=== PROVIDED DATA ===
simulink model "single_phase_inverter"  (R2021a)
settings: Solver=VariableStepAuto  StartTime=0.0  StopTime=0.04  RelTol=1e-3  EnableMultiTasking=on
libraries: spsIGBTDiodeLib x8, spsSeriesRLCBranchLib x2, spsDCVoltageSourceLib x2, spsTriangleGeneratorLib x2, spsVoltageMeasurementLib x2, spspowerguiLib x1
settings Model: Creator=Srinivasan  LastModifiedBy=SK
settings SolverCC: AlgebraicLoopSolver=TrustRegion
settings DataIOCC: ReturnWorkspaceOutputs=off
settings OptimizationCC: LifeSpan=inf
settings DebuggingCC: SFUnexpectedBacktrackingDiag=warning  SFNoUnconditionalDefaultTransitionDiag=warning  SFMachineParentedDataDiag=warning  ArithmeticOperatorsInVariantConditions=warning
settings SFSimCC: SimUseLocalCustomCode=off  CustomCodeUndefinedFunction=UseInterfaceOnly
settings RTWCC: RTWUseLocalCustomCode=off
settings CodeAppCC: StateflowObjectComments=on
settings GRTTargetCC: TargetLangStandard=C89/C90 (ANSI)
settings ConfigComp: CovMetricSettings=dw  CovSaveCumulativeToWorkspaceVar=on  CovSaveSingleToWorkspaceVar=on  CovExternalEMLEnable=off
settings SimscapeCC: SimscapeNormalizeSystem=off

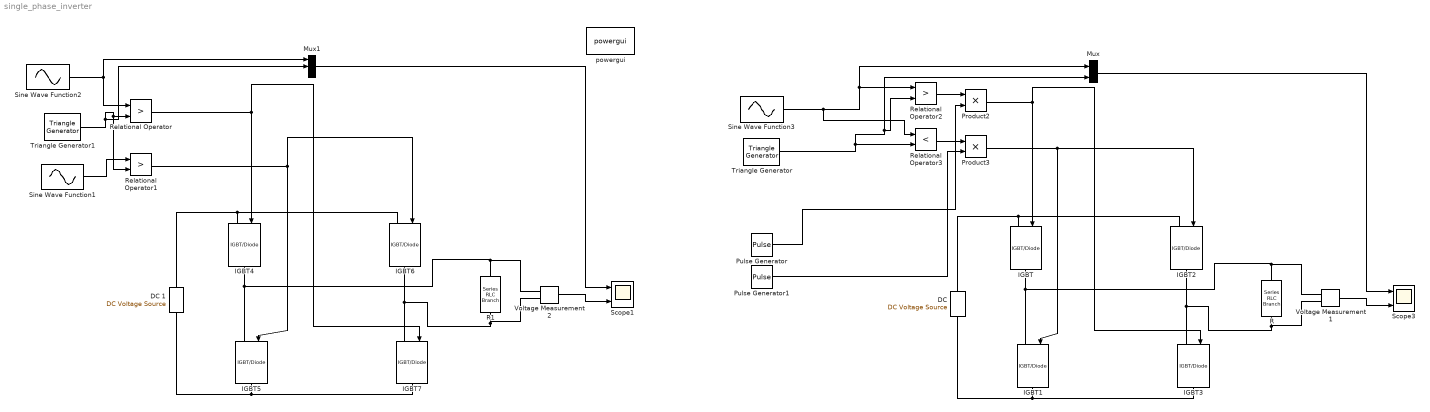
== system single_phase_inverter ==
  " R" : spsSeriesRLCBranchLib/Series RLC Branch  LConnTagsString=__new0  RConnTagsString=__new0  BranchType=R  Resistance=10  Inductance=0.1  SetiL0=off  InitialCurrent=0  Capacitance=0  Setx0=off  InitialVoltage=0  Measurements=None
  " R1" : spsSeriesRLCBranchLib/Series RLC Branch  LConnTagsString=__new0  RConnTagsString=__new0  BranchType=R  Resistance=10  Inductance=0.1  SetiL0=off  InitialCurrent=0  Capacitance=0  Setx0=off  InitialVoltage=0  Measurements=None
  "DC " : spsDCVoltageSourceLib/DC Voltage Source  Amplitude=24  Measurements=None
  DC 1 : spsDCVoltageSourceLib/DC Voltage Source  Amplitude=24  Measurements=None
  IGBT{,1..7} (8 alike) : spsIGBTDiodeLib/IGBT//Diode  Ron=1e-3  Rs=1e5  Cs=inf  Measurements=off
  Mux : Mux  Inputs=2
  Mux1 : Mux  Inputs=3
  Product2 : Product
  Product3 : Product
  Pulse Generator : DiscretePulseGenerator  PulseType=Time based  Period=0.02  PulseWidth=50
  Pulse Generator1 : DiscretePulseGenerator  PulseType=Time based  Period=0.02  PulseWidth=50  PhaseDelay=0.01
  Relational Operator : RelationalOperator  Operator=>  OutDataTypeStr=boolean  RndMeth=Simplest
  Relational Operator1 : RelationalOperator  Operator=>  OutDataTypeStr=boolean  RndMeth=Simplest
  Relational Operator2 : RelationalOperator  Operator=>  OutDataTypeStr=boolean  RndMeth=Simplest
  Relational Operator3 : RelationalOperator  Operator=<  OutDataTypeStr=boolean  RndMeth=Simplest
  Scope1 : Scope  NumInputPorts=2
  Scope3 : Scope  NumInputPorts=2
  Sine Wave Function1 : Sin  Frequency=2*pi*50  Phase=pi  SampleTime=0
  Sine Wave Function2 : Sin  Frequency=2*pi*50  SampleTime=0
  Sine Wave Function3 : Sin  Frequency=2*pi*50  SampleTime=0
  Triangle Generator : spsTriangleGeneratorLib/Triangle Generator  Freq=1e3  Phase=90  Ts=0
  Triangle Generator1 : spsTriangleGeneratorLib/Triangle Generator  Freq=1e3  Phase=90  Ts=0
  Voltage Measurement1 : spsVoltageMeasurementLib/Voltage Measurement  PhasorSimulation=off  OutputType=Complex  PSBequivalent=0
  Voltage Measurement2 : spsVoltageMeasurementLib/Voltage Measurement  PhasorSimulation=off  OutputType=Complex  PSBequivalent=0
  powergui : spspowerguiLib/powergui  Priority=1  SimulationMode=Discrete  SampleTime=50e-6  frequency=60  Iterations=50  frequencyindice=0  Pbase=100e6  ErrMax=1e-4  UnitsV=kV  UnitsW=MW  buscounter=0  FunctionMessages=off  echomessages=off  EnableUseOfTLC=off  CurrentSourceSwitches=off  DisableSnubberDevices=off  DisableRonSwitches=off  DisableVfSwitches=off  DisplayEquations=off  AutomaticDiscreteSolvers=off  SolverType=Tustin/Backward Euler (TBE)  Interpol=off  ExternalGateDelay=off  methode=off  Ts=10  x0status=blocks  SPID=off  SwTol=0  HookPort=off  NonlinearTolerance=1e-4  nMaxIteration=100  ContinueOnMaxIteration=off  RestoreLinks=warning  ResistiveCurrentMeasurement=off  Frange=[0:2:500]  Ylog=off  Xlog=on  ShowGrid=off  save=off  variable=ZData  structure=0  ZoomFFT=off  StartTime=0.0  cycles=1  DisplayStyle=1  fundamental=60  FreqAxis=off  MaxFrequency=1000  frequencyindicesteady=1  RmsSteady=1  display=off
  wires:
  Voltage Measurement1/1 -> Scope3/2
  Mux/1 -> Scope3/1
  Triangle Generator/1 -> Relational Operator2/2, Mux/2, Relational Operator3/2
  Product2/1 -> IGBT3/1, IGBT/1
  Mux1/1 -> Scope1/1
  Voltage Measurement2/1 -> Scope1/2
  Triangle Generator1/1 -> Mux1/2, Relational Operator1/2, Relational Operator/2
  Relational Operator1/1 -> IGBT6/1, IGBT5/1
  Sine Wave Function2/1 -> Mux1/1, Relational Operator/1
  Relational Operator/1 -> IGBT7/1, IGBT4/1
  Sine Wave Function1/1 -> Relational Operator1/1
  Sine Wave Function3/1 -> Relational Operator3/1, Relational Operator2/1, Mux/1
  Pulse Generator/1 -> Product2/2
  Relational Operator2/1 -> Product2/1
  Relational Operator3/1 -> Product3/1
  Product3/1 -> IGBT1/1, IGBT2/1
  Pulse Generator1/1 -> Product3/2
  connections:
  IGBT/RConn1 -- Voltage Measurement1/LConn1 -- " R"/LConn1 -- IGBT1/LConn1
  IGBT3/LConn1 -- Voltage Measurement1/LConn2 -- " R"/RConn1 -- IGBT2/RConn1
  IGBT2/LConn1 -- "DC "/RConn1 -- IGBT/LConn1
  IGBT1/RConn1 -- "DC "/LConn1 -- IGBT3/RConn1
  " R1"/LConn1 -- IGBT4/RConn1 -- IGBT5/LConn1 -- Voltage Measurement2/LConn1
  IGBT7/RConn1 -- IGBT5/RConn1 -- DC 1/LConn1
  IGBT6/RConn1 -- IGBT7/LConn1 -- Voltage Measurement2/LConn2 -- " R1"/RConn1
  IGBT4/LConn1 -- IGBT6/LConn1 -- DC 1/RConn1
===
WORK TASK = In the copy, keep every line of the data above exactly and drop each picture.

TASK RESULT =
simulink model "single_phase_inverter"  (R2021a)
settings: Solver=VariableStepAuto  StartTime=0.0  StopTime=0.04  RelTol=1e-3  EnableMultiTasking=on
libraries: spsIGBTDiodeLib x8, spsSeriesRLCBranchLib x2, spsDCVoltageSourceLib x2, spsTriangleGeneratorLib x2, spsVoltageMeasurementLib x2, spspowerguiLib x1
settings Model: Creator=Srinivasan  LastModifiedBy=SK
settings SolverCC: AlgebraicLoopSolver=TrustRegion
settings DataIOCC: ReturnWorkspaceOutputs=off
settings OptimizationCC: LifeSpan=inf
settings DebuggingCC: SFUnexpectedBacktrackingDiag=warning  SFNoUnconditionalDefaultTransitionDiag=warning  SFMachineParentedDataDiag=warning  ArithmeticOperatorsInVariantConditions=warning
settings SFSimCC: SimUseLocalCustomCode=off  CustomCodeUndefinedFunction=UseInterfaceOnly
settings RTWCC: RTWUseLocalCustomCode=off
settings CodeAppCC: StateflowObjectComments=on
settings GRTTargetCC: TargetLangStandard=C89/C90 (ANSI)
settings ConfigComp: CovMetricSettings=dw  CovSaveCumulativeToWorkspaceVar=on  CovSaveSingleToWorkspaceVar=on  CovExternalEMLEnable=off
settings SimscapeCC: SimscapeNormalizeSystem=off

== system single_phase_inverter ==
  " R" : spsSeriesRLCBranchLib/Series RLC Branch  LConnTagsString=__new0  RConnTagsString=__new0  BranchType=R  Resistance=10  Inductance=0.1  SetiL0=off  InitialCurrent=0  Capacitance=0  Setx0=off  InitialVoltage=0  Measurements=None
  " R1" : spsSeriesRLCBranchLib/Series RLC Branch  LConnTagsString=__new0  RConnTagsString=__new0  BranchType=R  Resistance=10  Inductance=0.1  SetiL0=off  InitialCurrent=0  Capacitance=0  Setx0=off  InitialVoltage=0  Measurements=None
  "DC " : spsDCVoltageSourceLib/DC Voltage Source  Amplitude=24  Measurements=None
  DC 1 : spsDCVoltageSourceLib/DC Voltage Source  Amplitude=24  Measurements=None
  IGBT{,1..7} (8 alike) : spsIGBTDiodeLib/IGBT//Diode  Ron=1e-3  Rs=1e5  Cs=inf  Measurements=off
  Mux : Mux  Inputs=2
  Mux1 : Mux  Inputs=3
  Product2 : Product
  Product3 : Product
  Pulse Generator : DiscretePulseGenerator  PulseType=Time based  Period=0.02  PulseWidth=50
  Pulse Generator1 : DiscretePulseGenerator  PulseType=Time based  Period=0.02  PulseWidth=50  PhaseDelay=0.01
  Relational Operator : RelationalOperator  Operator=>  OutDataTypeStr=boolean  RndMeth=Simplest
  Relational Operator1 : RelationalOperator  Operator=>  OutDataTypeStr=boolean  RndMeth=Simplest
  Relational Operator2 : RelationalOperator  Operator=>  OutDataTypeStr=boolean  RndMeth=Simplest
  Relational Operator3 : RelationalOperator  Operator=<  OutDataTypeStr=boolean  RndMeth=Simplest
  Scope1 : Scope  NumInputPorts=2
  Scope3 : Scope  NumInputPorts=2
  Sine Wave Function1 : Sin  Frequency=2*pi*50  Phase=pi  SampleTime=0
  Sine Wave Function2 : Sin  Frequency=2*pi*50  SampleTime=0
  Sine Wave Function3 : Sin  Frequency=2*pi*50  SampleTime=0
  Triangle Generator : spsTriangleGeneratorLib/Triangle Generator  Freq=1e3  Phase=90  Ts=0
  Triangle Generator1 : spsTriangleGeneratorLib/Triangle Generator  Freq=1e3  Phase=90  Ts=0
  Voltage Measurement1 : spsVoltageMeasurementLib/Voltage Measurement  PhasorSimulation=off  OutputType=Complex  PSBequivalent=0
  Voltage Measurement2 : spsVoltageMeasurementLib/Voltage Measurement  PhasorSimulation=off  OutputType=Complex  PSBequivalent=0
  powergui : spspowerguiLib/powergui  Priority=1  SimulationMode=Discrete  SampleTime=50e-6  frequency=60  Iterations=50  frequencyindice=0  Pbase=100e6  ErrMax=1e-4  UnitsV=kV  UnitsW=MW  buscounter=0  FunctionMessages=off  echomessages=off  EnableUseOfTLC=off  CurrentSourceSwitches=off  DisableSnubberDevices=off  DisableRonSwitches=off  DisableVfSwitches=off  DisplayEquations=off  AutomaticDiscreteSolvers=off  SolverType=Tustin/Backward Euler (TBE)  Interpol=off  ExternalGateDelay=off  methode=off  Ts=10  x0status=blocks  SPID=off  SwTol=0  HookPort=off  NonlinearTolerance=1e-4  nMaxIteration=100  ContinueOnMaxIteration=off  RestoreLinks=warning  ResistiveCurrentMeasurement=off  Frange=[0:2:500]  Ylog=off  Xlog=on  ShowGrid=off  save=off  variable=ZData  structure=0  ZoomFFT=off  StartTime=0.0  cycles=1  DisplayStyle=1  fundamental=60  FreqAxis=off  MaxFrequency=1000  frequencyindicesteady=1  RmsSteady=1  display=off
  wires:
  Voltage Measurement1/1 -> Scope3/2
  Mux/1 -> Scope3/1
  Triangle Generator/1 -> Relational Operator2/2, Mux/2, Relational Operator3/2
  Product2/1 -> IGBT3/1, IGBT/1
  Mux1/1 -> Scope1/1
  Voltage Measurement2/1 -> Scope1/2
  Triangle Generator1/1 -> Mux1/2, Relational Operator1/2, Relational Operator/2
  Relational Operator1/1 -> IGBT6/1, IGBT5/1
  Sine Wave Function2/1 -> Mux1/1, Relational Operator/1
  Relational Operator/1 -> IGBT7/1, IGBT4/1
  Sine Wave Function1/1 -> Relational Operator1/1
  Sine Wave Function3/1 -> Relational Operator3/1, Relational Operator2/1, Mux/1
  Pulse Generator/1 -> Product2/2
  Relational Operator2/1 -> Product2/1
  Relational Operator3/1 -> Product3/1
  Product3/1 -> IGBT1/1, IGBT2/1
  Pulse Generator1/1 -> Product3/2
  connections:
  IGBT/RConn1 -- Voltage Measurement1/LConn1 -- " R"/LConn1 -- IGBT1/LConn1
  IGBT3/LConn1 -- Voltage Measurement1/LConn2 -- " R"/RConn1 -- IGBT2/RConn1
  IGBT2/LConn1 -- "DC "/RConn1 -- IGBT/LConn1
  IGBT1/RConn1 -- "DC "/LConn1 -- IGBT3/RConn1
  " R1"/LConn1 -- IGBT4/RConn1 -- IGBT5/LConn1 -- Voltage Measurement2/LConn1
  IGBT7/RConn1 -- IGBT5/RConn1 -- DC 1/LConn1
  IGBT6/RConn1 -- IGBT7/LConn1 -- Voltage Measurement2/LConn2 -- " R1"/RConn1
  IGBT4/LConn1 -- IGBT6/LConn1 -- DC 1/RConn1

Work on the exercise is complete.